I missed Squiers the first time around my perambulation. A Southwold institution, I always thought it was a sweet shop and I have purchased sweets from there many times but I am informed by a local and its website they also serve teas and coffee to go. There is a small sign above the shop front saying 'Morning Coffee'. Obviously that failed to make an impression on me. When you venture inside the 350 year old building you find a cozy tea room (capacity 28) with beamed ceilings and an inglelnook. The website doesn't say if it will serves drinks to-go outside of its restaurant hours that are limited to 12 - 2 pm.
On the Market Place the Buckenham coffee shop was signed as such but was closed though I have visited it before. It is down some stairs which makes it off limits to the buggy brigade. You can't tell from the outside if it serves coffee to-go until the staff put the chalk boards up on the railings when it opens though several photographs show they do. I am told by a local resident that this place was popular with many older people in Reydon who would ride the bus to shop in the Co-op and then meet their friends here. Now that the bus cannot go along the High Street, those customers take the bus to Beccles and meet in the Tesco or Morrison's coffee shop. It seems Southwold Town Council is just as capable of killing trade for its establishments as Costa could while dismissing evidence as anecdotal while basing their decisions with nothing more than other anecdotes.
Just about visible off the Market Place is Munchies. The signage and noise of the barista's range plainly promises servings of good coffee and sandwiches to-go or eat-in and I would imagine it catches a bit of footfall of people heading to the beach for the day with the papers. On the other side of the Market Place is Queen Street and Beaches & Cream there was also closed on my perambulation.
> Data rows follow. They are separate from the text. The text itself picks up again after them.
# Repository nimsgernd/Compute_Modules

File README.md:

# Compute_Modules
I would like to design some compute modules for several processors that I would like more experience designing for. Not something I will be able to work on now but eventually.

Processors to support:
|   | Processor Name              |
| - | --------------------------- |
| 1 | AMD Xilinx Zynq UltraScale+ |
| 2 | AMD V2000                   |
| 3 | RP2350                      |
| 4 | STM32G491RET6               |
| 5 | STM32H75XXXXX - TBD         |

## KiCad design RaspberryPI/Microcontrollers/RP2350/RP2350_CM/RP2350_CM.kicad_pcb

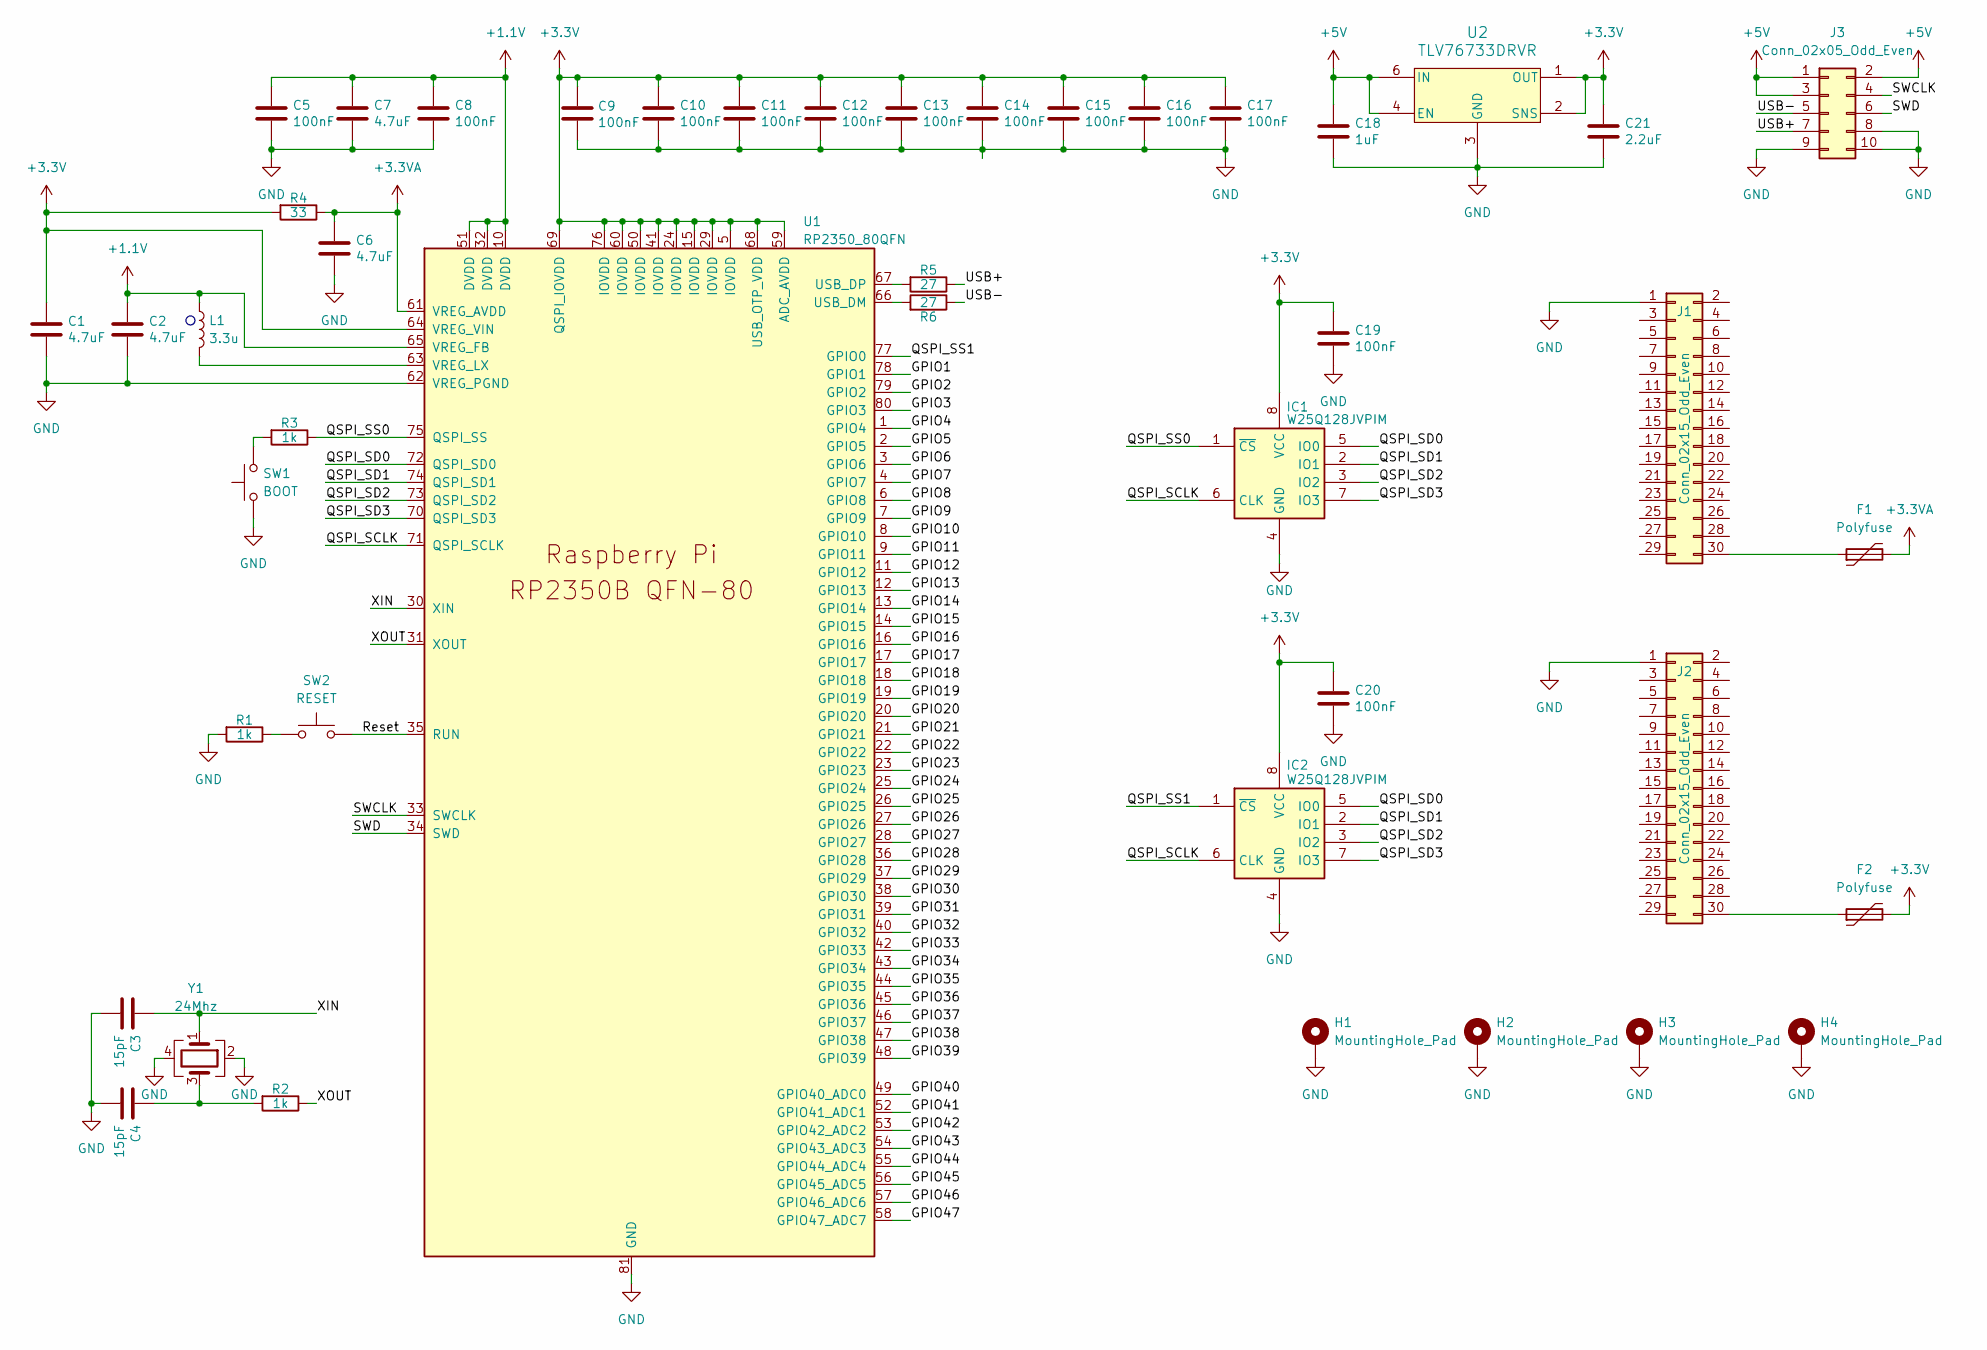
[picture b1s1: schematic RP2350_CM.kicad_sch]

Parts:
C1, C2, C6, C7: 4.7uF; C_0201_0603Metric
C3, C4: 15pF; C_0201_0603Metric
C5, C8, C9, C10, C11, C12, C13, C14, C15, C16, C17, C19, C20: 100nF; C_0201_0603Metric
C18: 1uF; C_0201_0603Metric
C21: 2.2uF; C_0201_0603Metric
F1, F2: Polyfuse; Fuse_0402_1005Metric
H1, H2, H3, H4: MountingHole_Pad; MountingHole_2.2mm_M2_Pad
IC1, IC2: W25Q128JVPIM; SON127P600X500X80-9N-D; Manufacturer_Part_Number W25Q128JVPIM; Mouser Part Number 454-W25Q128JVPIM
J1, J2: Conn_02x15_Odd_Even; Hirose_DF40C-30DP-0.4V_2x15-1MP_P0.4mm
J3: Conn_02x05_Odd_Even; CONN_DF40C-10DP-0.4V51_HIR
L1: 3.3u; L_pol_2016
R1, R2, R3: 1k; R_0201_0603Metric
R4: 33; R_0201_0603Metric
R5, R6: 27; R_0201_0603Metric
SW1: BOOT; B3U-1100P
SW2: RESET; B3U-1100P
U1: RP2350_80QFN; RP2350-QFN-80-1EP_10x10_P0.4mm_EP3.4x3.4mm_ThermalVias
U2: TLV76733DRVR; DRV0006A-MFG
Y1: 24Mhz; Crystal_SMD_1210-4Pin_1.2x1.0mm

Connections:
+1.1V: C2.1, C5.1, C7.1, C8.1, L1.1, U1.10 (DVDD), U1.32 (DVDD), U1.51 (DVDD), U1.65 (VREG_FB)
+3.3V: C1.1, C9.1, C10.1, C11.1, C12.1, C13.1, C14.1, C15.1, C16.1, C17.1, C19.1, C20.1, C21.1, F2.2, IC1.8 (VCC), IC2.8 (VCC), R4.2, U1.5 (IOVDD), U1.15 (IOVDD), U1.24 (IOVDD), U1.29 (IOVDD), U1.41 (IOVDD), U1.50 (IOVDD), U1.59 (ADC_AVDD), U1.60 (IOVDD), U1.64 (VREG_VIN), U1.68 (USB_OTP_VDD), U1.69 (QSPI_IOVDD), U1.76 (IOVDD), U2.1 (OUT), U2.2 (SNS)
+3.3VA: C6.1, F1.2, R4.1, U1.61 (VREG_AVDD)
+5V: C18.1, J3.1, J3.2, J3.3, U2.4 (EN), U2.6 (IN)
/GPIO1: U1.78 (GPIO1)
/GPIO2: U1.79 (GPIO2)
/GPIO3: U1.80 (GPIO3)
/GPIO4: U1.1 (GPIO4)
/GPIO5: U1.2 (GPIO5)
/GPIO6: U1.3 (GPIO6)
/GPIO7: U1.4 (GPIO7)
/GPIO8: U1.6 (GPIO8)
/GPIO9: U1.7 (GPIO9)
/GPIO10: U1.8 (GPIO10)
/GPIO11: U1.9 (GPIO11)
/GPIO12: U1.11 (GPIO12)
/GPIO13: U1.12 (GPIO13)
/GPIO14: U1.13 (GPIO14)
/GPIO15: U1.14 (GPIO15)
/GPIO16: U1.16 (GPIO16)
/GPIO17: U1.17 (GPIO17)
/GPIO18: U1.18 (GPIO18)
/GPIO19: U1.19 (GPIO19)
/GPIO20: U1.20 (GPIO20)
/GPIO21: U1.21 (GPIO21)
/GPIO22: U1.22 (GPIO22)
/GPIO23: U1.23 (GPIO23)
/GPIO24: U1.25 (GPIO24)
/GPIO25: U1.26 (GPIO25)
/GPIO26: U1.27 (GPIO26)
/GPIO27: U1.28 (GPIO27)
/GPIO28: U1.36 (GPIO28)
/GPIO29: U1.37 (GPIO29)
/GPIO30: U1.38 (GPIO30)
/GPIO31: U1.39 (GPIO31)
/GPIO32: U1.40 (GPIO32)
/GPIO33: U1.42 (GPIO33)
/GPIO34: U1.43 (GPIO34)
/GPIO35: U1.44 (GPIO35)
/GPIO36: U1.45 (GPIO36)
/GPIO37: U1.46 (GPIO37)
/GPIO38: U1.47 (GPIO38)
/GPIO39: U1.48 (GPIO39)
/GPIO40: U1.49 (GPIO40_ADC0)
/GPIO41: U1.52 (GPIO41_ADC1)
/GPIO42: U1.53 (GPIO42_ADC2)
/GPIO43: U1.54 (GPIO43_ADC3)
/GPIO44: U1.55 (GPIO44_ADC4)
/GPIO45: U1.56 (GPIO45_ADC5)
/GPIO46: U1.57 (GPIO46_ADC6)
/GPIO47: U1.58 (GPIO47_ADC7)
/QSPI_SCLK: IC1.6 (CLK), IC2.6 (CLK), U1.71 (QSPI_SCLK)
/QSPI_SD0: IC1.5 (IO0), IC2.5 (IO0), U1.72 (QSPI_SD0)
/QSPI_SD1: IC1.2 (IO1), IC2.2 (IO1), U1.74 (QSPI_SD1)
/QSPI_SD2: IC1.3 (IO2), IC2.3 (IO2), U1.73 (QSPI_SD2)
/QSPI_SD3: IC1.7 (IO3), IC2.7 (IO3), U1.70 (QSPI_SD3)
/QSPI_SS0: IC1.1 (~CS), R3.1, U1.75 (QSPI_SS)
/QSPI_SS1: IC2.1 (~CS), U1.77 (GPIO0)
/Reset: SW2.2, U1.35 (RUN)
/SWCLK: J3.4, U1.33 (SWCLK)
/SWD: J3.6, U1.34 (SWD)
/USB+: J3.7, R5.1
/USB-: J3.5, R6.1
/XIN: C3.1, U1.30 (XIN), Y1.1
/XOUT: R2.1, U1.31 (XOUT)
GND: C1.2, C2.2, C3.2, C4.2, C5.2, C6.2, C7.2, C8.2, C9.2, C10.2, C11.2, C12.2, C13.2, C14.2, C15.2, C16.2, C17.2, C18.2, C19.2, C20.2, C21.2, H1.1, H2.1, H3.1, H4.1, IC1.4 (GND), IC1.9 (EP), IC2.4 (GND), IC2.9 (EP), J1.1, J2.1, J3.8, J3.9, J3.10, R1.2, SW1.1, U1.62 (VREG_PGND), U1.81 (GND), U2.3 (GND), U2.5 (GND), U2.7 (Thermal_Pad), Y1.2, Y1.4
unnamed: C4.1, R2.2, Y1.3
unnamed: F1.1, J1.30
unnamed: F2.1, J2.30
unnamed: R1.1, SW2.1
unnamed: R3.2, SW1.2
unnamed: R6.2, U1.66 (USB_DM)
unnamed: R5.2, U1.67 (USB_DP)
unnamed: L1.2, U1.63 (VREG_LX)

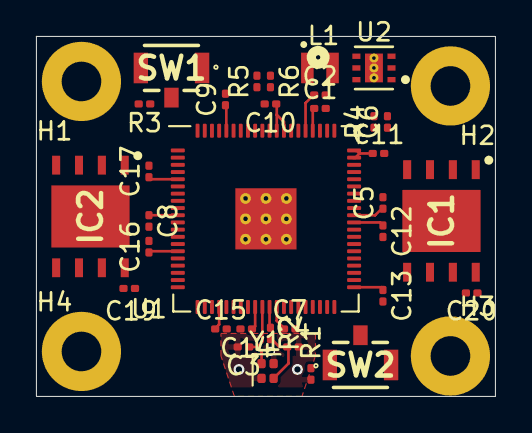
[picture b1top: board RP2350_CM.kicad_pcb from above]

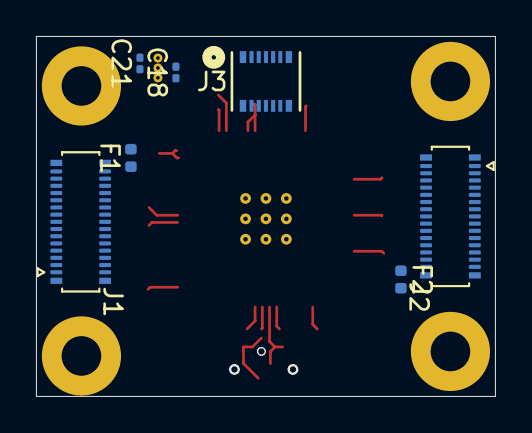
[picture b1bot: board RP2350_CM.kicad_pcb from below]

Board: 4 copper layers, 25.5 x 20.0 mm, 44 parts (7 on the bottom side), 27 nets.

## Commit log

2025-10-16 Adding RP2350 Compute Module
    I was working on this for a little bit but I figured I should add this.
2025-11-08 Add new processor entries to README
2025-11-08 Add README for STM32G491 Compute Module
2025-11-08 Add placeholder for STM32H7 Compute Module README
2025-11-08 Generated STM Compute Module Software
    - Added occilators for HSE and LSE
    - Configured both projects for the expected hardware
    - Both projects are configured with:
    - Azure RTOS
    - ThreadX
    - USBX

I actually failed to notice this establishment was a coffee shop (so did SRS) but its website says it serves a wide range of coffee to-go as well as ice cream.
Adnams Cellar & Kitchen - you can just make out 'cafe' under the awning
Buckenham - in a basement though when boards up says 'take away'.
The Crown - lovely for lunch or a pint but not exactly casual
Fresh Bite - tasty bread and cakes but no sign of a barista
Kings Head - where is the entrance?
Munchies - bingo, the ideal of a casual coffee shop
Nelson - off the track, no kids in the bar
Black Olive - coffee jackpot but only to go
Sutherland - not morning people
Swan - so charming you won't go in without a tie
Tillys - now closing
Trinity's - all three beans in a row
Coasters - not for lounging with a laptop?
I didn't go as far as down the stairs beyond the Lord Nelson to the sea-front to find Susies Beach Hut but I would consider this kiosk is not competing for for customers with establishments on the High Street. The SRS counted it though it is outside the DM01 designated area. SRS say it doesn't serve to-go.
I missed out of my survey Mark's Fish Shop (also outside of DM01) and the Farmhouse Bakery and Hutson's the butchers. It wasn't apparent to this casual pedestrian that any of these places served coffee. The Southwold and Reydon Society survey hasn't specified what kind of coffee these establishments serve; they could be counting instant granules dumped in a styrofoam cup as equals of an artisanal fresh roasted cappuccino. Most of these establishments make no mention of serving coffee on their websites or in local directories which today's wired traveller might casually browse on their smartphones. The Southwold Chamber of Commerce only lists two cafes in its guide that visitors pick up.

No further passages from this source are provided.